*REQUIRED WORK*
Count how many lines of the data below contain the string "import"; the reply should be that number alone.

Stored data:
━━━━

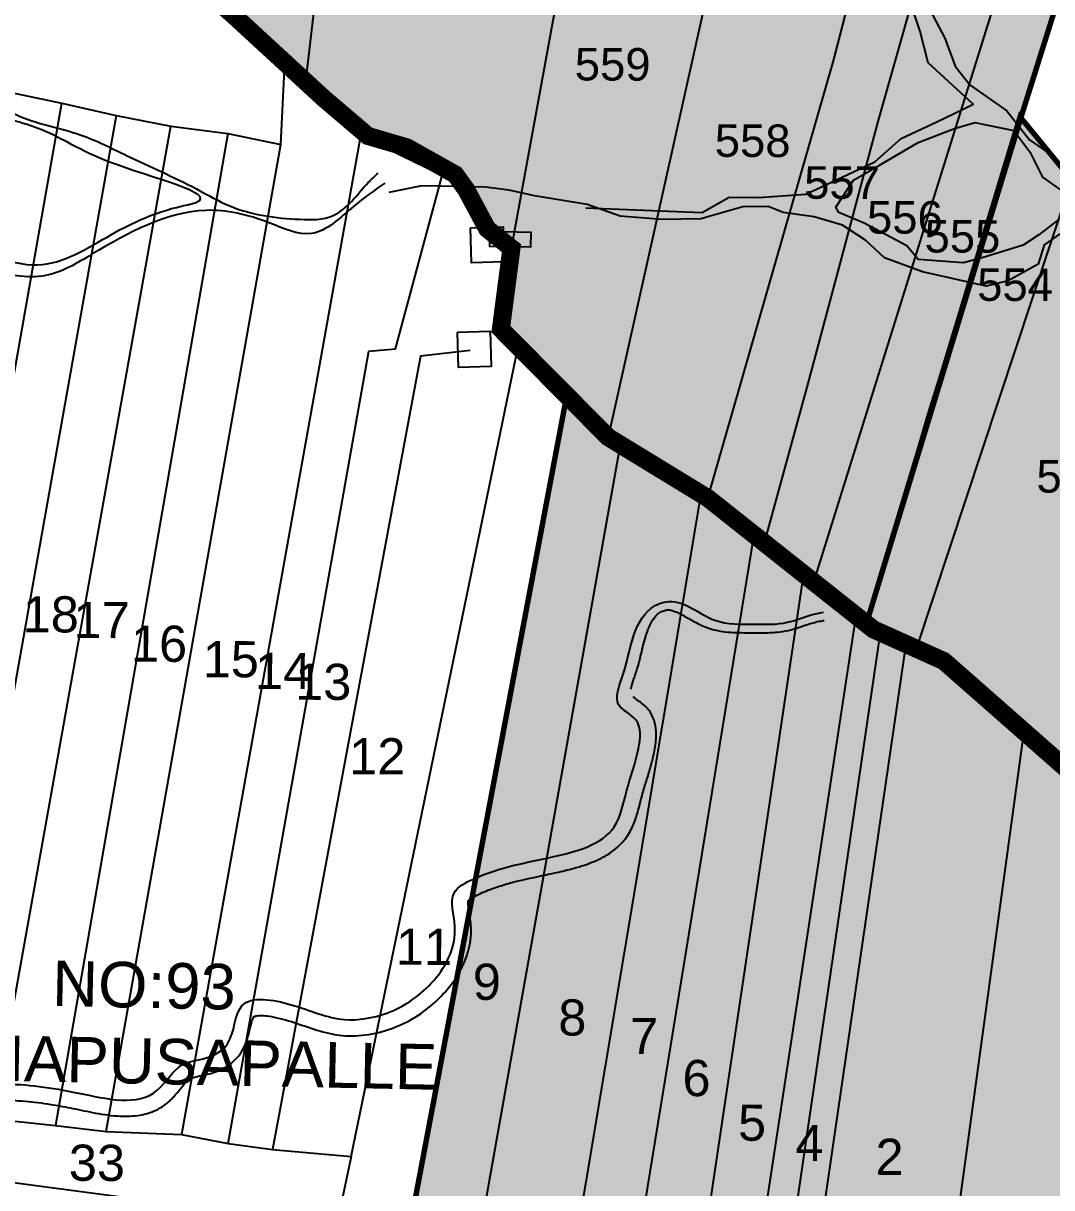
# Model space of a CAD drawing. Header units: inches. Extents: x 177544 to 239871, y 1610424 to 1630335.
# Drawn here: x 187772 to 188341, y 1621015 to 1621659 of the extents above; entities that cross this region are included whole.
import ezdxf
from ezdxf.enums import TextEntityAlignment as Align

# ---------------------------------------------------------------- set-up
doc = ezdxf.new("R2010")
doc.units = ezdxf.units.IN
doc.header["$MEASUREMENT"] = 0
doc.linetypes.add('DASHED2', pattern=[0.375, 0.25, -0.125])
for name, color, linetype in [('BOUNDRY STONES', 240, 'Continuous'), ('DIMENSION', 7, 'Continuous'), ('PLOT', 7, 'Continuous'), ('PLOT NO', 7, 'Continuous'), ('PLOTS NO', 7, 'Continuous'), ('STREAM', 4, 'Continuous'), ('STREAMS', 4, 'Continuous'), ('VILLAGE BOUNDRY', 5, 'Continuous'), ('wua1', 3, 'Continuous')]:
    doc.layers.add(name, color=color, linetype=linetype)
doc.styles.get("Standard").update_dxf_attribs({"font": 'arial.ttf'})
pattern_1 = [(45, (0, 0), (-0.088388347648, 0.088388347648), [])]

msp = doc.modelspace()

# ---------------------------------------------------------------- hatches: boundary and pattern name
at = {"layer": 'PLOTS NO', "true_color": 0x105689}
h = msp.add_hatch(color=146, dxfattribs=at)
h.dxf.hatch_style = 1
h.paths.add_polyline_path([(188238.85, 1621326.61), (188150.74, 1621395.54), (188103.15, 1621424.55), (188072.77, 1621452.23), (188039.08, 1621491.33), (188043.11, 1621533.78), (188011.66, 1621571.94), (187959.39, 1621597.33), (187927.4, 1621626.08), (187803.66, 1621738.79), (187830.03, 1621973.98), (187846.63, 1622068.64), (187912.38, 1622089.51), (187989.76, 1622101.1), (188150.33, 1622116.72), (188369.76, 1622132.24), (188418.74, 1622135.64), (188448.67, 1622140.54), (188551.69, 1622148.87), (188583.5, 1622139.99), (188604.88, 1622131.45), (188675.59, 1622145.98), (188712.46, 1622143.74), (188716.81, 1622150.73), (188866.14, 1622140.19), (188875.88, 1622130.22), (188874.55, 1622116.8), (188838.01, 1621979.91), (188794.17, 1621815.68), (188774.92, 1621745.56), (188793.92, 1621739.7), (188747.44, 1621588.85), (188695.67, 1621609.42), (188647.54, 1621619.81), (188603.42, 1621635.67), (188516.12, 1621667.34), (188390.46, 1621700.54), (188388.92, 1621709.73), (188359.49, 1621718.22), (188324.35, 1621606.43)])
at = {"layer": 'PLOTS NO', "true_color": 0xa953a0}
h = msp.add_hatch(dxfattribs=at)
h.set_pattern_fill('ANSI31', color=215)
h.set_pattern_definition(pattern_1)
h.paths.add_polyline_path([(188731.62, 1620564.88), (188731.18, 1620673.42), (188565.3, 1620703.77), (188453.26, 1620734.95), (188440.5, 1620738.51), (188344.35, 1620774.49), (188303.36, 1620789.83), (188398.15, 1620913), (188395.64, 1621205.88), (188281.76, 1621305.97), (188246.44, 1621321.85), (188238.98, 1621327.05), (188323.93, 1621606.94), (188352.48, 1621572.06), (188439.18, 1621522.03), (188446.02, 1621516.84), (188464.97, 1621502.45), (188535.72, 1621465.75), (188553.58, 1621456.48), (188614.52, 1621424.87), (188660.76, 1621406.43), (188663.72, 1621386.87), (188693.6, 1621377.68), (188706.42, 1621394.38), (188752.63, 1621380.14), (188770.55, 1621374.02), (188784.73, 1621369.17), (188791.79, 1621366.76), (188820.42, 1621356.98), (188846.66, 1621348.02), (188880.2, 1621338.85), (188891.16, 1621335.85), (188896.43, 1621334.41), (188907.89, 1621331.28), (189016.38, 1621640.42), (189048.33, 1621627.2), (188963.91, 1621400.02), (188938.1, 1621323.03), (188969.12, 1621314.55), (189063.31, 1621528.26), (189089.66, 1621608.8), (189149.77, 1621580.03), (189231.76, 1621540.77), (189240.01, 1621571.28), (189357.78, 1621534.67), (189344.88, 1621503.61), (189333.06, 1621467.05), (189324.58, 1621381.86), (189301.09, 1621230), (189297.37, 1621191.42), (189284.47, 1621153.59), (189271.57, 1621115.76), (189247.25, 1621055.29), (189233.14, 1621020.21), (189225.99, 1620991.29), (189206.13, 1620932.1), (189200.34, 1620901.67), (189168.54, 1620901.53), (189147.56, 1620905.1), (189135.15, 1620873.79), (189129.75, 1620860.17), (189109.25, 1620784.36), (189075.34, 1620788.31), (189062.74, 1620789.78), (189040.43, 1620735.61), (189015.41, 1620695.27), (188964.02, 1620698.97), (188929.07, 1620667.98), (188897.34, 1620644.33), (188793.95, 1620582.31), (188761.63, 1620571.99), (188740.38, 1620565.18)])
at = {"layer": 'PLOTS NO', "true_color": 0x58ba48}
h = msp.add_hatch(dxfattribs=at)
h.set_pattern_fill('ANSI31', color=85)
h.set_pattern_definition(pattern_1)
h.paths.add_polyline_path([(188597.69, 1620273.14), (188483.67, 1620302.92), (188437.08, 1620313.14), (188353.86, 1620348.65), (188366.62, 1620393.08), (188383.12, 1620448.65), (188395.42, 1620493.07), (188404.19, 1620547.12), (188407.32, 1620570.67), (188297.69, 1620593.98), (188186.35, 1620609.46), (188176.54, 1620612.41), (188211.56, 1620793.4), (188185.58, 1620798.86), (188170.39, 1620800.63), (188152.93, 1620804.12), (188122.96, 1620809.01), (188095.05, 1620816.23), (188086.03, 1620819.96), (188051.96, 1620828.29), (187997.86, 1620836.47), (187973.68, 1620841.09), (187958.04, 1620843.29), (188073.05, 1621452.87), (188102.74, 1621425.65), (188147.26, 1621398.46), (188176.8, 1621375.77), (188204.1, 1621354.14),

━━━━

*TASK SOLUTION*
2